Stored data entries:
%%

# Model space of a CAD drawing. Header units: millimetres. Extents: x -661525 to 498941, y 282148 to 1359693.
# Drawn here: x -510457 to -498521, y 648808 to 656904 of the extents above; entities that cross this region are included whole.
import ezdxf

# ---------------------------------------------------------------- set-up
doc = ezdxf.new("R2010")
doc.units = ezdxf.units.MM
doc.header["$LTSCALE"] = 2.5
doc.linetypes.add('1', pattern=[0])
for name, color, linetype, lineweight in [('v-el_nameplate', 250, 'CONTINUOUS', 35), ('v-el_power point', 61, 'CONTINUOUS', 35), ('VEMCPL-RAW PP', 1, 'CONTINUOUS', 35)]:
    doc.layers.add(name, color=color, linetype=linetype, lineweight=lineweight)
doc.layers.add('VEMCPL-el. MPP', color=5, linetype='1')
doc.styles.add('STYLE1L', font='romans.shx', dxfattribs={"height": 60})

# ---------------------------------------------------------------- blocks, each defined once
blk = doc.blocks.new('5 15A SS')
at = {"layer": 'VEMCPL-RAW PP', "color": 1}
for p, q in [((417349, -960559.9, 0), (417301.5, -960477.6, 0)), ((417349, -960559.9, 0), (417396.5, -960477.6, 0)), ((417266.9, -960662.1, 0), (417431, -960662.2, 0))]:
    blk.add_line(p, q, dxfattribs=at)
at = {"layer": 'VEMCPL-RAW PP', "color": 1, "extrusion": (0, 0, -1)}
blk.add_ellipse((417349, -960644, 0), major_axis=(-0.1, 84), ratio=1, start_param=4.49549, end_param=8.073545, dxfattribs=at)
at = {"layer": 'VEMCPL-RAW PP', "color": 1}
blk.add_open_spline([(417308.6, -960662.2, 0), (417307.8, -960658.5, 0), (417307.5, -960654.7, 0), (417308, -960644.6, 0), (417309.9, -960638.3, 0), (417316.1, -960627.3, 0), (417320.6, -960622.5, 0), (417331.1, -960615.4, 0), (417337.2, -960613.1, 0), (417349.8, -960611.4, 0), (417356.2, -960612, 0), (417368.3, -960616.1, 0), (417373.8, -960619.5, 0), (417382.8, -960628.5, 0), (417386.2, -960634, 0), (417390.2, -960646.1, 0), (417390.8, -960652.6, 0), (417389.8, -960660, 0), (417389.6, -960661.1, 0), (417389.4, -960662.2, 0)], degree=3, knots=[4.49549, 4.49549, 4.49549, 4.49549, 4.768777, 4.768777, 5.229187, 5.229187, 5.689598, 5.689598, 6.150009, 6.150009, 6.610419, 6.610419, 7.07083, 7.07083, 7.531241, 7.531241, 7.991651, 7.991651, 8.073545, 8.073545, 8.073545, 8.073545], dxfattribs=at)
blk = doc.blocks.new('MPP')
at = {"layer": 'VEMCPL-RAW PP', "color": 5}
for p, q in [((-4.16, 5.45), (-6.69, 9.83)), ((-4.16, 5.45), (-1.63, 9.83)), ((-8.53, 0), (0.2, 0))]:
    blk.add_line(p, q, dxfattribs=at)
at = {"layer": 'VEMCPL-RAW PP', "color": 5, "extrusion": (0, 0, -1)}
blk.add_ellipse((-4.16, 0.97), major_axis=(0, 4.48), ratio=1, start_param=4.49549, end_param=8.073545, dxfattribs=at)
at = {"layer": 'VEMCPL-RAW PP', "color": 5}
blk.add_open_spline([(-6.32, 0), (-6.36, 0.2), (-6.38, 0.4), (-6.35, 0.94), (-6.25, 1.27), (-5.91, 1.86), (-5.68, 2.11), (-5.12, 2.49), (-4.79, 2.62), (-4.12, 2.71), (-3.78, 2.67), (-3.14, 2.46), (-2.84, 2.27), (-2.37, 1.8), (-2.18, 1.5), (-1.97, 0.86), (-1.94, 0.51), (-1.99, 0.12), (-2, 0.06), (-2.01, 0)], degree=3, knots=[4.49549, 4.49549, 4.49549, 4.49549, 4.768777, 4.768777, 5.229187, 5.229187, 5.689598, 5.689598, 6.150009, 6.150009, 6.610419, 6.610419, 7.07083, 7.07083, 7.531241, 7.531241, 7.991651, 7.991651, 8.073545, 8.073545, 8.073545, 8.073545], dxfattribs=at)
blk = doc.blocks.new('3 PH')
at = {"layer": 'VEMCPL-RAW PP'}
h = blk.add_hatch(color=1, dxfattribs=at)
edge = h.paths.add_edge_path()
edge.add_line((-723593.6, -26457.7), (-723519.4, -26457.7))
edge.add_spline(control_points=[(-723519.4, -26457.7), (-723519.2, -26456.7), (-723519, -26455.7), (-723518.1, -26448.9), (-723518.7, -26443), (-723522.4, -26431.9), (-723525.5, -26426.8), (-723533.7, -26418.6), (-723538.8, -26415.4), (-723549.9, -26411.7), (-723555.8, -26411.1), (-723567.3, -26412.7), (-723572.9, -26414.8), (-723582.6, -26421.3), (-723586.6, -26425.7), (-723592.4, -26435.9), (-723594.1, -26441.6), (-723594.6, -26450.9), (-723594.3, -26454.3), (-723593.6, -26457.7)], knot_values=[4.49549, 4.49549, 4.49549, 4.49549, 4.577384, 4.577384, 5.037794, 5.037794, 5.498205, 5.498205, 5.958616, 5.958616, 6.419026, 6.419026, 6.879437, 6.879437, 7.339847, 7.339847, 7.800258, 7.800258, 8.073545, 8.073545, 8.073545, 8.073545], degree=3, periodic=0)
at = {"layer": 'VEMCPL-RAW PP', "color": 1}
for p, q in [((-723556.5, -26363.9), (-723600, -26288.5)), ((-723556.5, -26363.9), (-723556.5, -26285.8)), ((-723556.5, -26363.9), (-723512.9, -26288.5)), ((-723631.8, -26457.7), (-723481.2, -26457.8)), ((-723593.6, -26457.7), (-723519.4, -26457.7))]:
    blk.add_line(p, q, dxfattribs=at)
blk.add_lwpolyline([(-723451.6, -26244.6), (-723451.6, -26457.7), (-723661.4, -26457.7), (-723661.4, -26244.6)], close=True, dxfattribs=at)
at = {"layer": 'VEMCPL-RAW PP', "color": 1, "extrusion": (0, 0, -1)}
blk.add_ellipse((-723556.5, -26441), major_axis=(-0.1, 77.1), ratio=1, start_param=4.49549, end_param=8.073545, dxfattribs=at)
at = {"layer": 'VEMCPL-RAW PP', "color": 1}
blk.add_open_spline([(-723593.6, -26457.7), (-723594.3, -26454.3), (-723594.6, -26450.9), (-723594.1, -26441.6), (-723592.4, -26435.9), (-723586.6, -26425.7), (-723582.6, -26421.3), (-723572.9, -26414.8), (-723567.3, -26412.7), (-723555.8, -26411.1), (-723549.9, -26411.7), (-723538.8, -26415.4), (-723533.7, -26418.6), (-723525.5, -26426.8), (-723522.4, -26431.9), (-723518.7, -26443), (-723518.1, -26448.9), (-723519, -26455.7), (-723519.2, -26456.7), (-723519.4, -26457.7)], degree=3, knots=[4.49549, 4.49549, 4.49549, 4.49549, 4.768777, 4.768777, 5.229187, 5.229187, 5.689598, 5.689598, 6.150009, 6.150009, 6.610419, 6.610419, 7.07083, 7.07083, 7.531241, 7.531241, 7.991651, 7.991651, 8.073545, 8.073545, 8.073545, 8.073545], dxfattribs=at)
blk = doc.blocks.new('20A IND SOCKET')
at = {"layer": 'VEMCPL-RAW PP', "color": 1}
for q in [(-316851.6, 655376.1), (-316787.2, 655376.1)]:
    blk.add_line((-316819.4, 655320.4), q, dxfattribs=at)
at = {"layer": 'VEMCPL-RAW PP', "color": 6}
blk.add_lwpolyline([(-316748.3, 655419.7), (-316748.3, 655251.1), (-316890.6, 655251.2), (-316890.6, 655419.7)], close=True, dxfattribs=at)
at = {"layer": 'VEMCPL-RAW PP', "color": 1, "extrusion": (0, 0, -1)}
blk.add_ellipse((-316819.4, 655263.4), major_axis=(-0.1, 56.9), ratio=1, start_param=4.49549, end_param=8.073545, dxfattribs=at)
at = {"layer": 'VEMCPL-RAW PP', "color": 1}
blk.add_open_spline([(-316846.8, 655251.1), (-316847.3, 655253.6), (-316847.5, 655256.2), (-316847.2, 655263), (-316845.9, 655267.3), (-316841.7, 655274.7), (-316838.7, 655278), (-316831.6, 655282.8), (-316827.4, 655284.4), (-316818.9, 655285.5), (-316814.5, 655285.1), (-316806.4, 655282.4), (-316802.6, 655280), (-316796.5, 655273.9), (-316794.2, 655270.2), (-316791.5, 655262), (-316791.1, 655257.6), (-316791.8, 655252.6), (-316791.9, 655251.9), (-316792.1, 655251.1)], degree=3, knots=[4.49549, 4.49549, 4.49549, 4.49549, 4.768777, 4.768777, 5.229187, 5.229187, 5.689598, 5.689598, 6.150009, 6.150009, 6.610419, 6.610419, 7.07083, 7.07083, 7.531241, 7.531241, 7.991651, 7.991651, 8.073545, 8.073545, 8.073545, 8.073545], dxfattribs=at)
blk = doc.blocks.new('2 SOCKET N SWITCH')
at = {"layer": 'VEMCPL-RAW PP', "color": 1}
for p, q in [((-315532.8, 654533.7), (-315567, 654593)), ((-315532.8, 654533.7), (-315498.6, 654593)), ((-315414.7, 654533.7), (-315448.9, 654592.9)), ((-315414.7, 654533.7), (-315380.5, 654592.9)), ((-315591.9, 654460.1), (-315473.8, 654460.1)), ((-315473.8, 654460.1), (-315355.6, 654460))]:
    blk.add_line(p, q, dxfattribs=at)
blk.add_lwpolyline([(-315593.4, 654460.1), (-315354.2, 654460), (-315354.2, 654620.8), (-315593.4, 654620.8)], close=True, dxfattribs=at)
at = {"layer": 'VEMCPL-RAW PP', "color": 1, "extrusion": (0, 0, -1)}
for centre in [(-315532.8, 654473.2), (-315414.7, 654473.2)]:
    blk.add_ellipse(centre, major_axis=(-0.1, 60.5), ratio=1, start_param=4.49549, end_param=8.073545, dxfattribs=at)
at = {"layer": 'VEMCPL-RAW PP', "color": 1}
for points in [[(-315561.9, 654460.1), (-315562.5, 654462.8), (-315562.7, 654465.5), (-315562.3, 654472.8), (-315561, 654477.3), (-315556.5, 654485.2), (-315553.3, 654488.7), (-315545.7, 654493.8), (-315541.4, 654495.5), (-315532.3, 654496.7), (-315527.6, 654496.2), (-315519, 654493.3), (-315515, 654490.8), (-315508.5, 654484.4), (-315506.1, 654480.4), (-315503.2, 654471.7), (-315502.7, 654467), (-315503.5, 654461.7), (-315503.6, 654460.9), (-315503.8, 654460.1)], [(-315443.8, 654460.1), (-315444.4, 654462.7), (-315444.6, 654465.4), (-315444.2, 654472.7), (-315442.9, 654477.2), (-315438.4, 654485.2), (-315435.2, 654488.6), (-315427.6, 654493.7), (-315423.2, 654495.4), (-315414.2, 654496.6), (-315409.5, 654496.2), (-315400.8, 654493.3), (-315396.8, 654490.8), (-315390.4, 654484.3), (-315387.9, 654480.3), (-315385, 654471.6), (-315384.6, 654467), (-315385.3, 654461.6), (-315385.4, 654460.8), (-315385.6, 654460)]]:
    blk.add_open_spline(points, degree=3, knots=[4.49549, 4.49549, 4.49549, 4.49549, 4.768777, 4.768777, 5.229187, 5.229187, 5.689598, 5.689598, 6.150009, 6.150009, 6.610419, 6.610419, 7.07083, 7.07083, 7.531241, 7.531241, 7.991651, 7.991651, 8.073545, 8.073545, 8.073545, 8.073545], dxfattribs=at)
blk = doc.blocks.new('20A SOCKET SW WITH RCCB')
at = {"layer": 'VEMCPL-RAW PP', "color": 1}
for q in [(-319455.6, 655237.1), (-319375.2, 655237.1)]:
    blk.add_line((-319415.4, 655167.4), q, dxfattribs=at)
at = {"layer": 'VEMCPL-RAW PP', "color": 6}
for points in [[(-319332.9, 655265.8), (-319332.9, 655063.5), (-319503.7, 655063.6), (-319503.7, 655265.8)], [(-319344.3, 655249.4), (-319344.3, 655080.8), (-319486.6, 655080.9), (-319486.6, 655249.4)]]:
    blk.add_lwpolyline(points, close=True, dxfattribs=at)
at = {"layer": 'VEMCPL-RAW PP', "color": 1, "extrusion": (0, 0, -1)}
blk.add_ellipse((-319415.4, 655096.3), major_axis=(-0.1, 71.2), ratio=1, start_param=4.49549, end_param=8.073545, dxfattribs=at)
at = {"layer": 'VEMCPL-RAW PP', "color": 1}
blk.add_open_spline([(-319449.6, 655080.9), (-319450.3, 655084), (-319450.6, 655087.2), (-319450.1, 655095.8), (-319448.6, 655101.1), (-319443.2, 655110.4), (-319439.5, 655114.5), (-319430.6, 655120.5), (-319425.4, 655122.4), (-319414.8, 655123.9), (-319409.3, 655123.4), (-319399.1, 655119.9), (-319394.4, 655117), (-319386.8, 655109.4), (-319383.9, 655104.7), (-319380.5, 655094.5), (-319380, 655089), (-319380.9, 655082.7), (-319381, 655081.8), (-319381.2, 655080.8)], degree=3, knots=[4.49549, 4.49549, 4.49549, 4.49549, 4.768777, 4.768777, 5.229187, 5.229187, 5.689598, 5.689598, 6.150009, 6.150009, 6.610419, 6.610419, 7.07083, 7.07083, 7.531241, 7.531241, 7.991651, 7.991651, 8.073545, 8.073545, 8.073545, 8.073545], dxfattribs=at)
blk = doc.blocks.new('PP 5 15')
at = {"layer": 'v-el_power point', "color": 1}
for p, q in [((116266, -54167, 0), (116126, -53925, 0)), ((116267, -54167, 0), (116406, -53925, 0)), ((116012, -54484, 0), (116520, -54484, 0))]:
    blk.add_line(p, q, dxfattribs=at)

%%

▶ [Exercise prompt]:
List every line above containing the word "blocks".

▶ [Written solution]:
# ---------------------------------------------------------------- blocks, each defined once
blk = doc.blocks.new('5 15A SS')
blk = doc.blocks.new('MPP')
blk = doc.blocks.new('3 PH')
blk = doc.blocks.new('20A IND SOCKET')
blk = doc.blocks.new('2 SOCKET N SWITCH')
blk = doc.blocks.new('20A SOCKET SW WITH RCCB')
blk = doc.blocks.new('PP 5 15')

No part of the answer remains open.